= Beginning of Section =

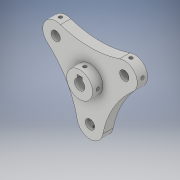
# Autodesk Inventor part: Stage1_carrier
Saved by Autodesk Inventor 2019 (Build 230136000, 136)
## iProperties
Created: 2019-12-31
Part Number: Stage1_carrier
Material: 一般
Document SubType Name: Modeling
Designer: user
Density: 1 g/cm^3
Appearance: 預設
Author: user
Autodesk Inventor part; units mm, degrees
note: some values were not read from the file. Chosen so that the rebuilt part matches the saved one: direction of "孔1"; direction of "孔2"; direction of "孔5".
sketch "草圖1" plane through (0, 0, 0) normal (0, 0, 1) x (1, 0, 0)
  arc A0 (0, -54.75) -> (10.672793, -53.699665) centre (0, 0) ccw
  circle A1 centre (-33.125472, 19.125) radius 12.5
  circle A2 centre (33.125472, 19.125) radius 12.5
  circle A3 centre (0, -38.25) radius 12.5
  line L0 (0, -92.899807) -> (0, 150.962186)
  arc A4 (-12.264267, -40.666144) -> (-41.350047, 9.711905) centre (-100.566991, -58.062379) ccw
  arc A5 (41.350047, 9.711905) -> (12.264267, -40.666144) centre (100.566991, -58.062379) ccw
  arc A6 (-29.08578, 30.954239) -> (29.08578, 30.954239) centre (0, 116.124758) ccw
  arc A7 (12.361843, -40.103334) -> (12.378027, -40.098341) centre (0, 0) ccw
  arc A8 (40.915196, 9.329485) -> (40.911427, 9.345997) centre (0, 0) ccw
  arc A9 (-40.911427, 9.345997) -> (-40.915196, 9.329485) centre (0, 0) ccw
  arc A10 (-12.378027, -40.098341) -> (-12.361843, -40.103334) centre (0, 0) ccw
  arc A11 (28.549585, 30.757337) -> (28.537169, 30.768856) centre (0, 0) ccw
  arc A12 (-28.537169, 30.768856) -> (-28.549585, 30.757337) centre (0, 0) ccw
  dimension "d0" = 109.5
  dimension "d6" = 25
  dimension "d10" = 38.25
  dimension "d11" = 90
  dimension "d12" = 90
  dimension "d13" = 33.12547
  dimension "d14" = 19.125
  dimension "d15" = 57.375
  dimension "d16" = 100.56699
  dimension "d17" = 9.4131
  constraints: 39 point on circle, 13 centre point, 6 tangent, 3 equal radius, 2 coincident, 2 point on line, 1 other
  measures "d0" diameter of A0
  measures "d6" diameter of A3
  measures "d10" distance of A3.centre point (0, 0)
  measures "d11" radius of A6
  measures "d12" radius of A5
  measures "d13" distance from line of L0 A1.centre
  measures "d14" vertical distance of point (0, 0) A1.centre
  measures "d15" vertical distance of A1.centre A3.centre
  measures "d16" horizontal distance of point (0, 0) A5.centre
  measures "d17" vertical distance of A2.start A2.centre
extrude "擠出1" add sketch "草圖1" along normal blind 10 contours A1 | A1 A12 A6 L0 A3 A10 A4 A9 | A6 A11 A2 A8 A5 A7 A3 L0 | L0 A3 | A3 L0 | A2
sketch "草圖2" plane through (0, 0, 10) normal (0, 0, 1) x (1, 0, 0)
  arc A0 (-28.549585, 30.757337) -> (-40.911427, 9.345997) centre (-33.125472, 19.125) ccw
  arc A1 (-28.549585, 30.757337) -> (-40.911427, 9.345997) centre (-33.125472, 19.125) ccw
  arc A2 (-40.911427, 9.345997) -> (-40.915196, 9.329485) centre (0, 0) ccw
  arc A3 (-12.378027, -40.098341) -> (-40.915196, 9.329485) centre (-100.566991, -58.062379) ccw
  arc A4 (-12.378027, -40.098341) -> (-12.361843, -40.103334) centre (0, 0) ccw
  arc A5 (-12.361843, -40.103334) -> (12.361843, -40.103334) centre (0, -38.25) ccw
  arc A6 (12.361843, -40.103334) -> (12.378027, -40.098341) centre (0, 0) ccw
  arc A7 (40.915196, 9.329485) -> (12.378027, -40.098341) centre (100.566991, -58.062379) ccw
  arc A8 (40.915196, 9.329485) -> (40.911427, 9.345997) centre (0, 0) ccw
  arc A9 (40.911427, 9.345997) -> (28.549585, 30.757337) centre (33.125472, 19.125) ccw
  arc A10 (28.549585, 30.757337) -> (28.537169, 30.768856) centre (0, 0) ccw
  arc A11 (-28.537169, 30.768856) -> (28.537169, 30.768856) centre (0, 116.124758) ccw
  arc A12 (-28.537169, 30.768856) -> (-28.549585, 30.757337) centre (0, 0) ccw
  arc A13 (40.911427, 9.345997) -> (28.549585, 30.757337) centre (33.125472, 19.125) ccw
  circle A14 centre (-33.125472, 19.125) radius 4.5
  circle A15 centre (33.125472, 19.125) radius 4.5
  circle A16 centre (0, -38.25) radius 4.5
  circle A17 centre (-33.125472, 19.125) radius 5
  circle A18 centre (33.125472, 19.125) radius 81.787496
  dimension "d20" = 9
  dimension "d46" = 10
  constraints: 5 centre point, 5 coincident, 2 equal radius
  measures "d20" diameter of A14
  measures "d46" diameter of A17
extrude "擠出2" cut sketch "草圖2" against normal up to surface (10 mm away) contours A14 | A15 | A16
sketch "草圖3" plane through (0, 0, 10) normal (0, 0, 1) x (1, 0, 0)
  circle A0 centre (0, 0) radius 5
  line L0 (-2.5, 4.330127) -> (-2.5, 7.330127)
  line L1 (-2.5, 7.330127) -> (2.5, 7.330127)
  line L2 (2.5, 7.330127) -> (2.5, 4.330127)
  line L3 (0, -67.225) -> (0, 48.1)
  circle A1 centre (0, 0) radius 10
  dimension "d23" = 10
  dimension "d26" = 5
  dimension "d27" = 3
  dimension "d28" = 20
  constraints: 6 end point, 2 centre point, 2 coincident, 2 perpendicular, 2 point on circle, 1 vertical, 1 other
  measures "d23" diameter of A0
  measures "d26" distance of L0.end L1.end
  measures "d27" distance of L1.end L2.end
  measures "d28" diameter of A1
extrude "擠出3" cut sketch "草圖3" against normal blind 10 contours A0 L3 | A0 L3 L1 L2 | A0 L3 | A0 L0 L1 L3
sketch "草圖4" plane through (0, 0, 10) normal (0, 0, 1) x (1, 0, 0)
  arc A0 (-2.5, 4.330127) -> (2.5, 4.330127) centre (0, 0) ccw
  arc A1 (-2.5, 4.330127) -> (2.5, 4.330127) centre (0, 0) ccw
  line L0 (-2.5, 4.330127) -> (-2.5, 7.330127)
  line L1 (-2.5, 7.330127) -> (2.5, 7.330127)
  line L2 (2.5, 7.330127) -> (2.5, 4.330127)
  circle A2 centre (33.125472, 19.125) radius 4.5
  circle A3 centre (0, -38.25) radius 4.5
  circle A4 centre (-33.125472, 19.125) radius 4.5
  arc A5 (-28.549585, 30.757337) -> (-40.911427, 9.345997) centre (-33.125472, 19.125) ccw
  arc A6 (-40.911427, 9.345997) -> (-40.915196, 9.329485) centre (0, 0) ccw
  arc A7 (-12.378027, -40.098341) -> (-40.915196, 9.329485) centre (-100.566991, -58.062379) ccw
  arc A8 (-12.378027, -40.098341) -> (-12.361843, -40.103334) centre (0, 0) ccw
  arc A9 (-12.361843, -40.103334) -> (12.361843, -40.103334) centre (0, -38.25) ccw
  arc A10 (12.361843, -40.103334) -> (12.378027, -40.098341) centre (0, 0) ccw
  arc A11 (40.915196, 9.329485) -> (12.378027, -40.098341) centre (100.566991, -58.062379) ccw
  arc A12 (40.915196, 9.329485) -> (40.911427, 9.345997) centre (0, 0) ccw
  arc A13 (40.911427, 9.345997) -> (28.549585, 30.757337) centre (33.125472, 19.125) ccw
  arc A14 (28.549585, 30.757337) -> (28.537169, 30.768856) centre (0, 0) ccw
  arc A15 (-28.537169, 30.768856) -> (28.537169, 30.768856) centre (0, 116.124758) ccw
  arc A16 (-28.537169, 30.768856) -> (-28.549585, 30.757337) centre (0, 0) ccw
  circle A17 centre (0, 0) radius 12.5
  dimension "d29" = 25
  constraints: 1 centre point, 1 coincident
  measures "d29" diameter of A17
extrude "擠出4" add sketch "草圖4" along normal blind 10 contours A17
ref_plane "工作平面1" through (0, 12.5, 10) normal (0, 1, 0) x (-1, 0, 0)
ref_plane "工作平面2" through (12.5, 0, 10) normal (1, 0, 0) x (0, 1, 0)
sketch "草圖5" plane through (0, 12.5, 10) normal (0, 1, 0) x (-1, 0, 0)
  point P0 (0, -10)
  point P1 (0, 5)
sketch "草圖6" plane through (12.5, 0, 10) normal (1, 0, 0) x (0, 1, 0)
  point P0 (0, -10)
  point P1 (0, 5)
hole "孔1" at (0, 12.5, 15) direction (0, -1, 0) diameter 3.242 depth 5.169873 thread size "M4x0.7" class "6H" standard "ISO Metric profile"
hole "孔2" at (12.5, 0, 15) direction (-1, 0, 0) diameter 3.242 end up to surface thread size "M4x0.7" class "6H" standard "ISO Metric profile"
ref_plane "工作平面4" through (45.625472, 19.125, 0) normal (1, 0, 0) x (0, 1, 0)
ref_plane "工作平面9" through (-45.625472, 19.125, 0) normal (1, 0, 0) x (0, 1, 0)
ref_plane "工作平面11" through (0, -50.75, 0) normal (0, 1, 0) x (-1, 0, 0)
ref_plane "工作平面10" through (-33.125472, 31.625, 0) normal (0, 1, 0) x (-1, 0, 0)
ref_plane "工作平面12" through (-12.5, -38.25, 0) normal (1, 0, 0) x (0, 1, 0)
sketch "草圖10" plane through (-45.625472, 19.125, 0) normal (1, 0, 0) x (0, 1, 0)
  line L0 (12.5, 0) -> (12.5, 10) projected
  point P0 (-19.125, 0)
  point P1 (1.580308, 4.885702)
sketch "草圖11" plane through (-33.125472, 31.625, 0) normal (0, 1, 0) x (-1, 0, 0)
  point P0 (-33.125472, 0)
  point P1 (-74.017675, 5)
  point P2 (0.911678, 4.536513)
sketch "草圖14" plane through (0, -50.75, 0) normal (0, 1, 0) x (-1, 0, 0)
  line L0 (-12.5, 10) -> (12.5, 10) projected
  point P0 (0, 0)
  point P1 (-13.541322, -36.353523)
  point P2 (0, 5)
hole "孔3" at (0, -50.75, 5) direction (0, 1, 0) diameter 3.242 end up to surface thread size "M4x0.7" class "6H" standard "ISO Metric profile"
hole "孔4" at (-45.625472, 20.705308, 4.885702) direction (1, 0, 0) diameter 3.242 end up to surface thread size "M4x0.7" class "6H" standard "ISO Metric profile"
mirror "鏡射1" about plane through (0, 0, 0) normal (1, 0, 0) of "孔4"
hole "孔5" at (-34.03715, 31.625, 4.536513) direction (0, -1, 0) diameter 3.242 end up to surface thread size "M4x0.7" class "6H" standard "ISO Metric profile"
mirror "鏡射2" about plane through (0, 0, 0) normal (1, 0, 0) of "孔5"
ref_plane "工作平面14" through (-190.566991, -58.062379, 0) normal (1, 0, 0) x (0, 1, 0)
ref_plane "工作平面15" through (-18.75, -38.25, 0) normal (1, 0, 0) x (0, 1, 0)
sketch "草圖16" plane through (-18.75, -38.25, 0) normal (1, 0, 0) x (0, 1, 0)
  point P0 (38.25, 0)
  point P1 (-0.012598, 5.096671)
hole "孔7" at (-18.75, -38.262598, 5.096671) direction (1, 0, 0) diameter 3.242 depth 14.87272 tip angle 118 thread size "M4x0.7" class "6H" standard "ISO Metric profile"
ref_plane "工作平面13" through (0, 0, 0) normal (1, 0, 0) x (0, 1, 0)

= End of Section =

§ Instructions for the task
In the records above, how many lines contain the word "against"? Say only the number.

§ Solution below
2